=== The records ===
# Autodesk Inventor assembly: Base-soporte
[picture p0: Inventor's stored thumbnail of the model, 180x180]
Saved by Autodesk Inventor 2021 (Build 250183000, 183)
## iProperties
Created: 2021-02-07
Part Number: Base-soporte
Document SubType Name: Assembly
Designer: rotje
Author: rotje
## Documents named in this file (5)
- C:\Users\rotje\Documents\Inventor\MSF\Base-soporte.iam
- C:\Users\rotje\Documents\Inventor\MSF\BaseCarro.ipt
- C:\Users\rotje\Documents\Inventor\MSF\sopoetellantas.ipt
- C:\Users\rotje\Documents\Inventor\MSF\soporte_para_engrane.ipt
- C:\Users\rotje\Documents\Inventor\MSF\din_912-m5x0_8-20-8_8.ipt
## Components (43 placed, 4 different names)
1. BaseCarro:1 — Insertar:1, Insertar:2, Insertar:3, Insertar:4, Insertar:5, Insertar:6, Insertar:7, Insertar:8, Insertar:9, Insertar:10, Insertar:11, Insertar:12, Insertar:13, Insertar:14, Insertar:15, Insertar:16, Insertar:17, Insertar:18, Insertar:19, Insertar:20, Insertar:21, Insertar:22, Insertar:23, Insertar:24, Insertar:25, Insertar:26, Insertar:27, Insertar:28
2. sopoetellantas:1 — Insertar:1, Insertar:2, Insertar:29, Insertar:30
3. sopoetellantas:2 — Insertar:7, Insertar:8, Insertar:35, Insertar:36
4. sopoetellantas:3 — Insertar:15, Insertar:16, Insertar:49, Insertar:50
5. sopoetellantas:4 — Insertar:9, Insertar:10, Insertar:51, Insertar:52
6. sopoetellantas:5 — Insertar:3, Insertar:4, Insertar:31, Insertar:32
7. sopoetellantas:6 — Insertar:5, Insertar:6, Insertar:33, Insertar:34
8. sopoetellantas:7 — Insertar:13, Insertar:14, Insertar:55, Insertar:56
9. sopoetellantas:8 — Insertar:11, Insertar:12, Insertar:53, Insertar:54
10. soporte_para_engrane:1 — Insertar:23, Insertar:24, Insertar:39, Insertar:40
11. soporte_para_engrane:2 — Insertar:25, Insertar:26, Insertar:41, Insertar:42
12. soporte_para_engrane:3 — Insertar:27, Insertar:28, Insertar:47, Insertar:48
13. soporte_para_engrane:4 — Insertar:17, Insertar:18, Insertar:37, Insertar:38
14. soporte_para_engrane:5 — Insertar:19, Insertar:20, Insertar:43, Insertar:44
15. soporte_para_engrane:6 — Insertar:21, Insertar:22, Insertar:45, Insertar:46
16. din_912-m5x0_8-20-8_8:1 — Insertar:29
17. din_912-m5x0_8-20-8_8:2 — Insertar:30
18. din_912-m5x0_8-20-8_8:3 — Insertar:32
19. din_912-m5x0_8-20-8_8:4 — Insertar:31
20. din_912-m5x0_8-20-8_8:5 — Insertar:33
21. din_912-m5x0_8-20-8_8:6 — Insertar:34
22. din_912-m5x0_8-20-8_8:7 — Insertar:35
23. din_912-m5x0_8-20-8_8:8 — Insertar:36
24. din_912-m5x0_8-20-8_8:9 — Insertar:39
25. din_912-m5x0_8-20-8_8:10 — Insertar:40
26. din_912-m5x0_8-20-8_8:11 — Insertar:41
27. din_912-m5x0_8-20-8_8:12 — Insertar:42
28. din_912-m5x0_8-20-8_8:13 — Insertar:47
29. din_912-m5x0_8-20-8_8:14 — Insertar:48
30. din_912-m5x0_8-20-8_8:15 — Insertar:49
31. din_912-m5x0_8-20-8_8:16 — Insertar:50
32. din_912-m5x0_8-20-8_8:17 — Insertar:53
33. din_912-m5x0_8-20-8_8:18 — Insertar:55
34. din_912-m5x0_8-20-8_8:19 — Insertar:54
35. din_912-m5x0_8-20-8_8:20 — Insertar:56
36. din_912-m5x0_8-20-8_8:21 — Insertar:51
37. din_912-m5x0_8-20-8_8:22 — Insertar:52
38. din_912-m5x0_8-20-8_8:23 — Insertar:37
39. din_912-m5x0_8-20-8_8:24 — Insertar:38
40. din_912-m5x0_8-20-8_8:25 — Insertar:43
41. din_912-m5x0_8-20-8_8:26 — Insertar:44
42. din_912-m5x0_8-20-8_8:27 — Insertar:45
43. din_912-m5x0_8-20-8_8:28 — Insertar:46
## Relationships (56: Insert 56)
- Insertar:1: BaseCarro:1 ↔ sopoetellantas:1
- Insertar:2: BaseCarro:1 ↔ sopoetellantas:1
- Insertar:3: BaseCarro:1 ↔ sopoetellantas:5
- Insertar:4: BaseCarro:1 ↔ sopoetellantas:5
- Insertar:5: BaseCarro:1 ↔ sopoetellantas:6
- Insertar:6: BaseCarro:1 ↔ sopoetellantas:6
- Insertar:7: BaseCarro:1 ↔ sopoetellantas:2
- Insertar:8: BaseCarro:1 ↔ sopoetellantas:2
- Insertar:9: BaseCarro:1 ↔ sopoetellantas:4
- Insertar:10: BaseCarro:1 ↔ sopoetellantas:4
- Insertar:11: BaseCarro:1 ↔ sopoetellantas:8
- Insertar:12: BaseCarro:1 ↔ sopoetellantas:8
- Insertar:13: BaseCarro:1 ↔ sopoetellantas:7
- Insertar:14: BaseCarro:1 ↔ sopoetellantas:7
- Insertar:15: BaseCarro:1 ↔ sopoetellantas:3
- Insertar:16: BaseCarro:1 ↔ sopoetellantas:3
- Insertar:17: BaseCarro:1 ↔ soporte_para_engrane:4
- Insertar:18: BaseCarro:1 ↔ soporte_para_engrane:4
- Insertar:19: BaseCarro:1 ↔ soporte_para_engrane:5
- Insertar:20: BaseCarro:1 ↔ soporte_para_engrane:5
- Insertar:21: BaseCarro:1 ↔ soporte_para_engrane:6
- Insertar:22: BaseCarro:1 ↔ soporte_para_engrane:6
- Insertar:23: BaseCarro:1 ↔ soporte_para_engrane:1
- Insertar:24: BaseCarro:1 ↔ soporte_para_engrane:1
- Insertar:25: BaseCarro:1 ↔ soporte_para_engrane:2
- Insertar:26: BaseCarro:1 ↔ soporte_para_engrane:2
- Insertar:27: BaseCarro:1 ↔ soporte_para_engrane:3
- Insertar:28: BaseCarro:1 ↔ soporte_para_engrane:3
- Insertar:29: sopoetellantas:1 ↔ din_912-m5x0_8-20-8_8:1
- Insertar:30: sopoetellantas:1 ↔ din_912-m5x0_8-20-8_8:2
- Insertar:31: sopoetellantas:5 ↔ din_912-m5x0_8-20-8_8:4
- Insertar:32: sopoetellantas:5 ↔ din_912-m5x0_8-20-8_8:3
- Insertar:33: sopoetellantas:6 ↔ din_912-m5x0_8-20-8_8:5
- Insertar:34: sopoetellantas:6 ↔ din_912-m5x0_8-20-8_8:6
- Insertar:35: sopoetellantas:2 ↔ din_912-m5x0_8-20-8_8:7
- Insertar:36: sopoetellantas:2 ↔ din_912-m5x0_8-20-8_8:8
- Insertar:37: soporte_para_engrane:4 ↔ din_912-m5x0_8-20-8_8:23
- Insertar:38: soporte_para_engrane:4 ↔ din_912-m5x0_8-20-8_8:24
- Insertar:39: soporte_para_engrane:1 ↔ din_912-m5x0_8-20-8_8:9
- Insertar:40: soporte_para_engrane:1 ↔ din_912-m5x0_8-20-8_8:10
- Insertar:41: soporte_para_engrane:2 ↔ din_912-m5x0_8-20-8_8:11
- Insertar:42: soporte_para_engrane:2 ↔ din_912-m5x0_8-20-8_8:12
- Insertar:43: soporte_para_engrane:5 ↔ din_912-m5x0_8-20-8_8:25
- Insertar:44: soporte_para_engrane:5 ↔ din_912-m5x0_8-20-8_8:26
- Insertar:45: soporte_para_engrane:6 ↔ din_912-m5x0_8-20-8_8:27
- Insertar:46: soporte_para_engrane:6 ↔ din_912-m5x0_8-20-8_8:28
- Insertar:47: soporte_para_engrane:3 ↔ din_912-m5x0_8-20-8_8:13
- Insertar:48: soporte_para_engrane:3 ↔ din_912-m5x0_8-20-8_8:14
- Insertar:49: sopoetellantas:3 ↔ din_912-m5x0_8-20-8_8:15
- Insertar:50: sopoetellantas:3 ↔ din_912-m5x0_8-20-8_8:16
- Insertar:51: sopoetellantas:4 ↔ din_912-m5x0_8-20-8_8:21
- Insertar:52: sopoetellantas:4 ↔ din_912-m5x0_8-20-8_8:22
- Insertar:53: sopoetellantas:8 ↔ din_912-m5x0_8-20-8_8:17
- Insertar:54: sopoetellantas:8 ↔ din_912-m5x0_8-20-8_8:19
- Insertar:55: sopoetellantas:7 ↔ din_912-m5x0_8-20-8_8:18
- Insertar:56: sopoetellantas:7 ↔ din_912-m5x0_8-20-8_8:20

=== Work to be completed ===
Within the material above, copy exactly the lines from the line that holds "## Relationships (56: Insert 56)" up to and including the line that holds "- Insertar:31: sopoetellantas:5".

=== Your response ===
## Relationships (56: Insert 56)
- Insertar:1: BaseCarro:1 ↔ sopoetellantas:1
- Insertar:2: BaseCarro:1 ↔ sopoetellantas:1
- Insertar:3: BaseCarro:1 ↔ sopoetellantas:5
- Insertar:4: BaseCarro:1 ↔ sopoetellantas:5
- Insertar:5: BaseCarro:1 ↔ sopoetellantas:6
- Insertar:6: BaseCarro:1 ↔ sopoetellantas:6
- Insertar:7: BaseCarro:1 ↔ sopoetellantas:2
- Insertar:8: BaseCarro:1 ↔ sopoetellantas:2
- Insertar:9: BaseCarro:1 ↔ sopoetellantas:4
- Insertar:10: BaseCarro:1 ↔ sopoetellantas:4
- Insertar:11: BaseCarro:1 ↔ sopoetellantas:8
- Insertar:12: BaseCarro:1 ↔ sopoetellantas:8
- Insertar:13: BaseCarro:1 ↔ sopoetellantas:7
- Insertar:14: BaseCarro:1 ↔ sopoetellantas:7
- Insertar:15: BaseCarro:1 ↔ sopoetellantas:3
- Insertar:16: BaseCarro:1 ↔ sopoetellantas:3
- Insertar:17: BaseCarro:1 ↔ soporte_para_engrane:4
- Insertar:18: BaseCarro:1 ↔ soporte_para_engrane:4
- Insertar:19: BaseCarro:1 ↔ soporte_para_engrane:5
- Insertar:20: BaseCarro:1 ↔ soporte_para_engrane:5
- Insertar:21: BaseCarro:1 ↔ soporte_para_engrane:6
- Insertar:22: BaseCarro:1 ↔ soporte_para_engrane:6
- Insertar:23: BaseCarro:1 ↔ soporte_para_engrane:1
- Insertar:24: BaseCarro:1 ↔ soporte_para_engrane:1
- Insertar:25: BaseCarro:1 ↔ soporte_para_engrane:2
- Insertar:26: BaseCarro:1 ↔ soporte_para_engrane:2
- Insertar:27: BaseCarro:1 ↔ soporte_para_engrane:3
- Insertar:28: BaseCarro:1 ↔ soporte_para_engrane:3
- Insertar:29: sopoetellantas:1 ↔ din_912-m5x0_8-20-8_8:1
- Insertar:30: sopoetellantas:1 ↔ din_912-m5x0_8-20-8_8:2
- Insertar:31: sopoetellantas:5 ↔ din_912-m5x0_8-20-8_8:4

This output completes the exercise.